- DIRECTIONS FOR THIS TASK
Reproduce the entries below exactly, but only from the line containing "- Coincident7: coincident" to the line containing "- Concentric10: concentric", inclusive.

- SUPPLIED DATA

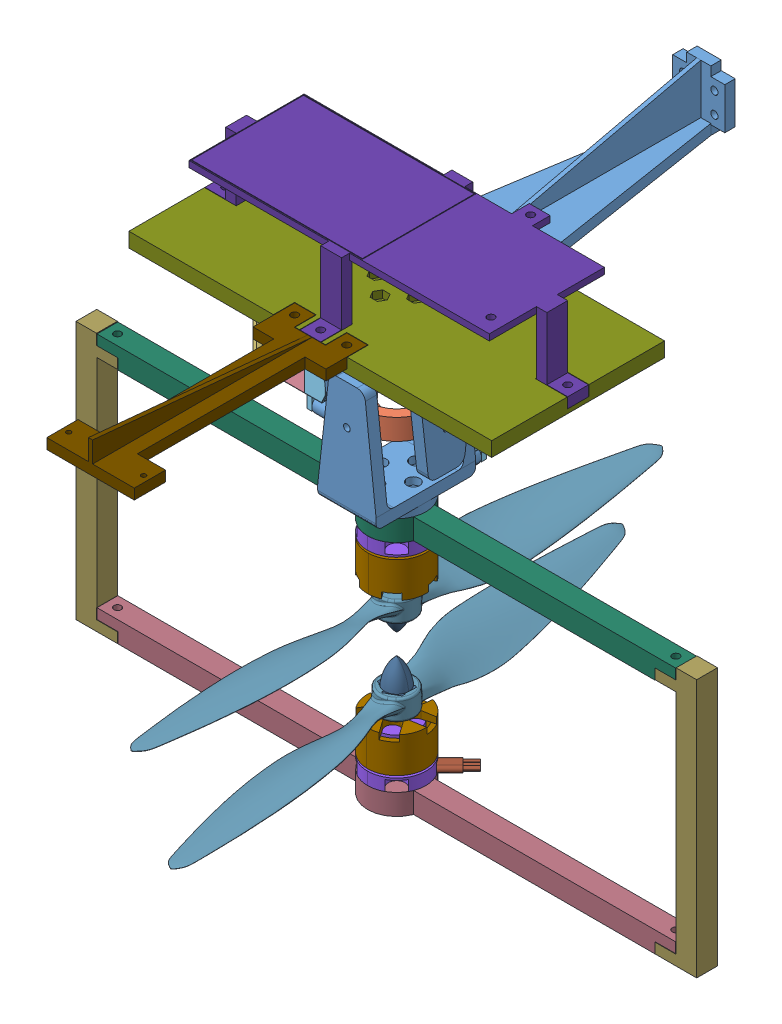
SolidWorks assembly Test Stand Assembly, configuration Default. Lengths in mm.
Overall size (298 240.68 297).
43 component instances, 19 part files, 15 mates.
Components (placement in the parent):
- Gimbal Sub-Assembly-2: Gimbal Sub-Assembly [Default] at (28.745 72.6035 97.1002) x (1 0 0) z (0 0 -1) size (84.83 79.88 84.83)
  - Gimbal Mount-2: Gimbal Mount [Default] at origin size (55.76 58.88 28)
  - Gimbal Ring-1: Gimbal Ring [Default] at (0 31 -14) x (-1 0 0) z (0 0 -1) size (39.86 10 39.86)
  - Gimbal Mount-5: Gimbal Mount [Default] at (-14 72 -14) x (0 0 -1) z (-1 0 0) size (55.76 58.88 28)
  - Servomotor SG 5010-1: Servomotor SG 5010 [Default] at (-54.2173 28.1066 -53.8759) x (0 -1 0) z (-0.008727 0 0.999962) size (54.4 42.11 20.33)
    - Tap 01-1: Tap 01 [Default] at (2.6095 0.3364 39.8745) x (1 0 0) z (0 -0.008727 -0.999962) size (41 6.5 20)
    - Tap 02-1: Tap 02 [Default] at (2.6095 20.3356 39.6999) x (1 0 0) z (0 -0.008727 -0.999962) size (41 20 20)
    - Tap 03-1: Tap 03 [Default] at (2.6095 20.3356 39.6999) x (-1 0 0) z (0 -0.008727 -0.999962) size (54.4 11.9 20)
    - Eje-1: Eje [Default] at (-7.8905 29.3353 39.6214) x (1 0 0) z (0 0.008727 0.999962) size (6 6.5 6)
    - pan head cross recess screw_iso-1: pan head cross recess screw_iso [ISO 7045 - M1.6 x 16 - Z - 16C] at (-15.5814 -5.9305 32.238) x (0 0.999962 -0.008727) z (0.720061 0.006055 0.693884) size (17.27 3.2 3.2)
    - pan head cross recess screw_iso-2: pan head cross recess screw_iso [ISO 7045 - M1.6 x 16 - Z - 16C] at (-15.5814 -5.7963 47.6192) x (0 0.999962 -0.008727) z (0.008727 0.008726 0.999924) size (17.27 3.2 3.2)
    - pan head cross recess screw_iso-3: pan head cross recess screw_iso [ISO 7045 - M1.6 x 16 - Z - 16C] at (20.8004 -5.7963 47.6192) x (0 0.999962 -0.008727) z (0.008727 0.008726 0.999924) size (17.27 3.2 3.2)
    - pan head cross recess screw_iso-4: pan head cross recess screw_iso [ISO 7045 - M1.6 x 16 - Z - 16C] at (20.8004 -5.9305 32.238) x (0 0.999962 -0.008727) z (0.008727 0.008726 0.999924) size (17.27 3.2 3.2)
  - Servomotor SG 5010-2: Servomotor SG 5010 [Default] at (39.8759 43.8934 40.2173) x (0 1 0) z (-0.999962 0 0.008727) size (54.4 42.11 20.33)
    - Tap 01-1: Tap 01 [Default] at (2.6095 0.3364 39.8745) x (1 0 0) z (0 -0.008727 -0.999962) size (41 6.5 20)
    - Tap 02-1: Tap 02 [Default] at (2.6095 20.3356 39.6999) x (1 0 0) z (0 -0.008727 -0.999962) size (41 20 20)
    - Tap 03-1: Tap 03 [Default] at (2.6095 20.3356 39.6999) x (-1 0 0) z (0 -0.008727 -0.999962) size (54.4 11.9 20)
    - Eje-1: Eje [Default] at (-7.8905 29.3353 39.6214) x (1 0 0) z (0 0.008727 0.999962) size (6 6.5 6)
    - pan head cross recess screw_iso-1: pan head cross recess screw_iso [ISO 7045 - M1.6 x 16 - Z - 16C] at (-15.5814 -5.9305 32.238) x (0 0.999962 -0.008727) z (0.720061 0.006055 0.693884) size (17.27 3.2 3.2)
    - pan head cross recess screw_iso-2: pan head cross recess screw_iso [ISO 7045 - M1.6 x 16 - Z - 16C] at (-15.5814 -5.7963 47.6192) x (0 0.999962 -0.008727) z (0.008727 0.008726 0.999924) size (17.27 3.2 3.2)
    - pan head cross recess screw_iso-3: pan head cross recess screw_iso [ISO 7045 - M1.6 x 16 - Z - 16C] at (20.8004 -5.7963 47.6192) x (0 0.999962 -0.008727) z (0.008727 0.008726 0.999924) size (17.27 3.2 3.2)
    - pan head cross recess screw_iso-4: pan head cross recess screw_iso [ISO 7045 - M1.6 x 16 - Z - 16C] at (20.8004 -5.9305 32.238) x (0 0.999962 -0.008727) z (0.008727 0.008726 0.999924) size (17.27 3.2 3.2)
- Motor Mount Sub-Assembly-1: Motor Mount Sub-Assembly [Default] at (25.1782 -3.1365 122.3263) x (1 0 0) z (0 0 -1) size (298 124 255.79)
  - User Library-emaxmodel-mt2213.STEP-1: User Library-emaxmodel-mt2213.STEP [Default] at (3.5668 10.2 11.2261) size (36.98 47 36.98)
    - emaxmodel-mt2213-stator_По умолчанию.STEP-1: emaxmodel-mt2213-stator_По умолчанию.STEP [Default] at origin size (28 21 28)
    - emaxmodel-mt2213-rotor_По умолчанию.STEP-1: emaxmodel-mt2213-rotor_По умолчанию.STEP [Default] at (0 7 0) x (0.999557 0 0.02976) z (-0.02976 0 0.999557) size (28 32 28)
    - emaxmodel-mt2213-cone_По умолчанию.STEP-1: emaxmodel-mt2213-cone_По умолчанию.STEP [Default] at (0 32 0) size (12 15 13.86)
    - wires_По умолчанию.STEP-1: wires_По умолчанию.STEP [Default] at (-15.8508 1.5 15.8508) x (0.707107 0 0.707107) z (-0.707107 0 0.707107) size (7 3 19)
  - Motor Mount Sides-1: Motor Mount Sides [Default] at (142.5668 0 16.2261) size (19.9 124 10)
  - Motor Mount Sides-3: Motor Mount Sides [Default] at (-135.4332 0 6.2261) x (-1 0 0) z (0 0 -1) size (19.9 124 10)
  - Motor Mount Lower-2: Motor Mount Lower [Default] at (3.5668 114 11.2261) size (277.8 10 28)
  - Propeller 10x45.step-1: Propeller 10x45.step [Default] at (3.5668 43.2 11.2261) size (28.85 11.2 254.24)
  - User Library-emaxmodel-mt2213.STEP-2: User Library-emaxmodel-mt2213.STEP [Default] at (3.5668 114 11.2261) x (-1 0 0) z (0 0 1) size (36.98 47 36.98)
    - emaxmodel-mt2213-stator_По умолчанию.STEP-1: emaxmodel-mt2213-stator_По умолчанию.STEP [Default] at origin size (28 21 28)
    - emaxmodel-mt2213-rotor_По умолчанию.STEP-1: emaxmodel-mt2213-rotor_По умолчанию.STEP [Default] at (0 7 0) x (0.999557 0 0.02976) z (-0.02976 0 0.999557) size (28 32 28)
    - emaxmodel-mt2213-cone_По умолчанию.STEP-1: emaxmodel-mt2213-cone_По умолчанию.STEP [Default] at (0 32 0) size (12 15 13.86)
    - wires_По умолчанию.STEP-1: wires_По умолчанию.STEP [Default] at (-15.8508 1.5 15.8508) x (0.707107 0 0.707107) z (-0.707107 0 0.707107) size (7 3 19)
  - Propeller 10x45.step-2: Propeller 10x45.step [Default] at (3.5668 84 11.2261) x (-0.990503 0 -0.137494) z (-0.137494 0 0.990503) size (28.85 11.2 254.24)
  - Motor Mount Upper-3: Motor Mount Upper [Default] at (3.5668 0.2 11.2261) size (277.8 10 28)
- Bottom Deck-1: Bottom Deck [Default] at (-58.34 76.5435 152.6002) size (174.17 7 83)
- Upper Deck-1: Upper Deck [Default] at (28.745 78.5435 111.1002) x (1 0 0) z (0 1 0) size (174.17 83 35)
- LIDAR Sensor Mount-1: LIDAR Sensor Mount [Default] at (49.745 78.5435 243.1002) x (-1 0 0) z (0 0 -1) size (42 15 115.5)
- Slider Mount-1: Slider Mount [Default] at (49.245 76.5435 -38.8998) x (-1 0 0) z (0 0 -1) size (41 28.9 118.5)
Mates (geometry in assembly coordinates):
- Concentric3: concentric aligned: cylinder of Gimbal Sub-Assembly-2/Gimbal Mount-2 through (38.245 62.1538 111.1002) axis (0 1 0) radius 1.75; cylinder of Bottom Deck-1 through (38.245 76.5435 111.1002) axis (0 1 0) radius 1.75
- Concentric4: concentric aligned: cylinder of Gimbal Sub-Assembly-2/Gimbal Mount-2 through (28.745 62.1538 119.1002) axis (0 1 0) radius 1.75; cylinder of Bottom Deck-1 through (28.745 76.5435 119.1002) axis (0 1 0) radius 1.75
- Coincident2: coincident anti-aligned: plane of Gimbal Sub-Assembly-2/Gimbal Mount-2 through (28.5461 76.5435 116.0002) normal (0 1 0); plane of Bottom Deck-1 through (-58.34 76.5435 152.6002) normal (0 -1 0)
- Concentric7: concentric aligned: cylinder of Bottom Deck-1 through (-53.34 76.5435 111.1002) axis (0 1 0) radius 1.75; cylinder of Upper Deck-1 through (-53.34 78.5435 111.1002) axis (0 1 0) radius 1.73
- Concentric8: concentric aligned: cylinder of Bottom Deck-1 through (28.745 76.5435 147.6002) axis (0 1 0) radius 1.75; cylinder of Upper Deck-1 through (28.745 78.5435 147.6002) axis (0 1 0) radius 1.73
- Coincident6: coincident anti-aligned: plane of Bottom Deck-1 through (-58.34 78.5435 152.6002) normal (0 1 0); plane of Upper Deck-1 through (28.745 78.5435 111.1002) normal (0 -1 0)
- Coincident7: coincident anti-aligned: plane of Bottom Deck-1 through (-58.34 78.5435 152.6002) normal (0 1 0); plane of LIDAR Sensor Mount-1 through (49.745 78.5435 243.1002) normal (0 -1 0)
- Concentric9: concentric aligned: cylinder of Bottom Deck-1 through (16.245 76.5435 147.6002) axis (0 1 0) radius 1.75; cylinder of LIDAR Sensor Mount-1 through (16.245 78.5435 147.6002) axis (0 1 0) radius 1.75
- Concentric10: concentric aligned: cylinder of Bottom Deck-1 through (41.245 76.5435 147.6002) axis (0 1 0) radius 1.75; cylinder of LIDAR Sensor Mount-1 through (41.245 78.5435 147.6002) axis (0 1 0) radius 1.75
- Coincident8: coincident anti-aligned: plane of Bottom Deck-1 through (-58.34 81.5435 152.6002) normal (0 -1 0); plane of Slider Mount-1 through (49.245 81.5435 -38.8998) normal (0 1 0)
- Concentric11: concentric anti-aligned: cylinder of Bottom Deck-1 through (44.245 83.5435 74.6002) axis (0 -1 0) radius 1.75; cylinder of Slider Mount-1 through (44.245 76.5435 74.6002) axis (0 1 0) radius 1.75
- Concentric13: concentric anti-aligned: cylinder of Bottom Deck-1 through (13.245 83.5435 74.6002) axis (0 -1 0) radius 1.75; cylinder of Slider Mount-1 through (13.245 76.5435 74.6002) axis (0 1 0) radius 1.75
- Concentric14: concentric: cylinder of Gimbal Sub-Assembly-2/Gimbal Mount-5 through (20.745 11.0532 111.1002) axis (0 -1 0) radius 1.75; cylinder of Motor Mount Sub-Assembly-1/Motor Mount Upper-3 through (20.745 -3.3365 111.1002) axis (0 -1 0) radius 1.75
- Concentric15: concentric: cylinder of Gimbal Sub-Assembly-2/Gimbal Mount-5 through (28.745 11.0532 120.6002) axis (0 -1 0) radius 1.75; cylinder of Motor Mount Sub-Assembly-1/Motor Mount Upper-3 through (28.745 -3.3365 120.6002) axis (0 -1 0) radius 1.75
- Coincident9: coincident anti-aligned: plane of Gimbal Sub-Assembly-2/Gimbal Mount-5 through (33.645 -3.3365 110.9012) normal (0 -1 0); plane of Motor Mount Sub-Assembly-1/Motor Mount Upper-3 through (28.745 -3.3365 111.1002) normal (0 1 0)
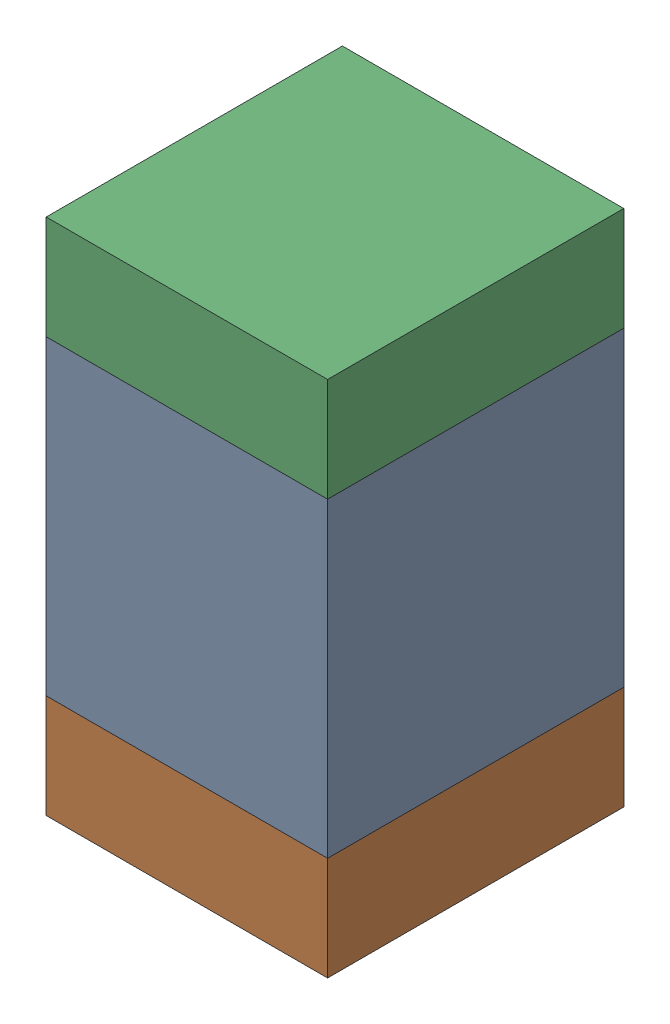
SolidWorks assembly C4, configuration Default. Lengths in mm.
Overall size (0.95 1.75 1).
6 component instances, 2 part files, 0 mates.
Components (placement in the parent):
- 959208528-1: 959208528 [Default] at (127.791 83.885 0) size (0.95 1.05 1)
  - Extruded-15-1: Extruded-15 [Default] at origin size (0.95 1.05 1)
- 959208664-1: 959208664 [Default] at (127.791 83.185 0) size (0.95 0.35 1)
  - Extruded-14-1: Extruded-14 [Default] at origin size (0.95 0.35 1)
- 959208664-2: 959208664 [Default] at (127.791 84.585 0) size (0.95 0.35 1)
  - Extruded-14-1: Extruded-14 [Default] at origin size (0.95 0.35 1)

- TASK ANSWER
- Coincident7: coincident anti-aligned: plane of Bottom Deck-1 through (-58.34 78.5435 152.6002) normal (0 1 0); plane of LIDAR Sensor Mount-1 through (49.745 78.5435 243.1002) normal (0 -1 0)
- Concentric9: concentric aligned: cylinder of Bottom Deck-1 through (16.245 76.5435 147.6002) axis (0 1 0) radius 1.75; cylinder of LIDAR Sensor Mount-1 through (16.245 78.5435 147.6002) axis (0 1 0) radius 1.75
- Concentric10: concentric aligned: cylinder of Bottom Deck-1 through (41.245 76.5435 147.6002) axis (0 1 0) radius 1.75; cylinder of LIDAR Sensor Mount-1 through (41.245 78.5435 147.6002) axis (0 1 0) radius 1.75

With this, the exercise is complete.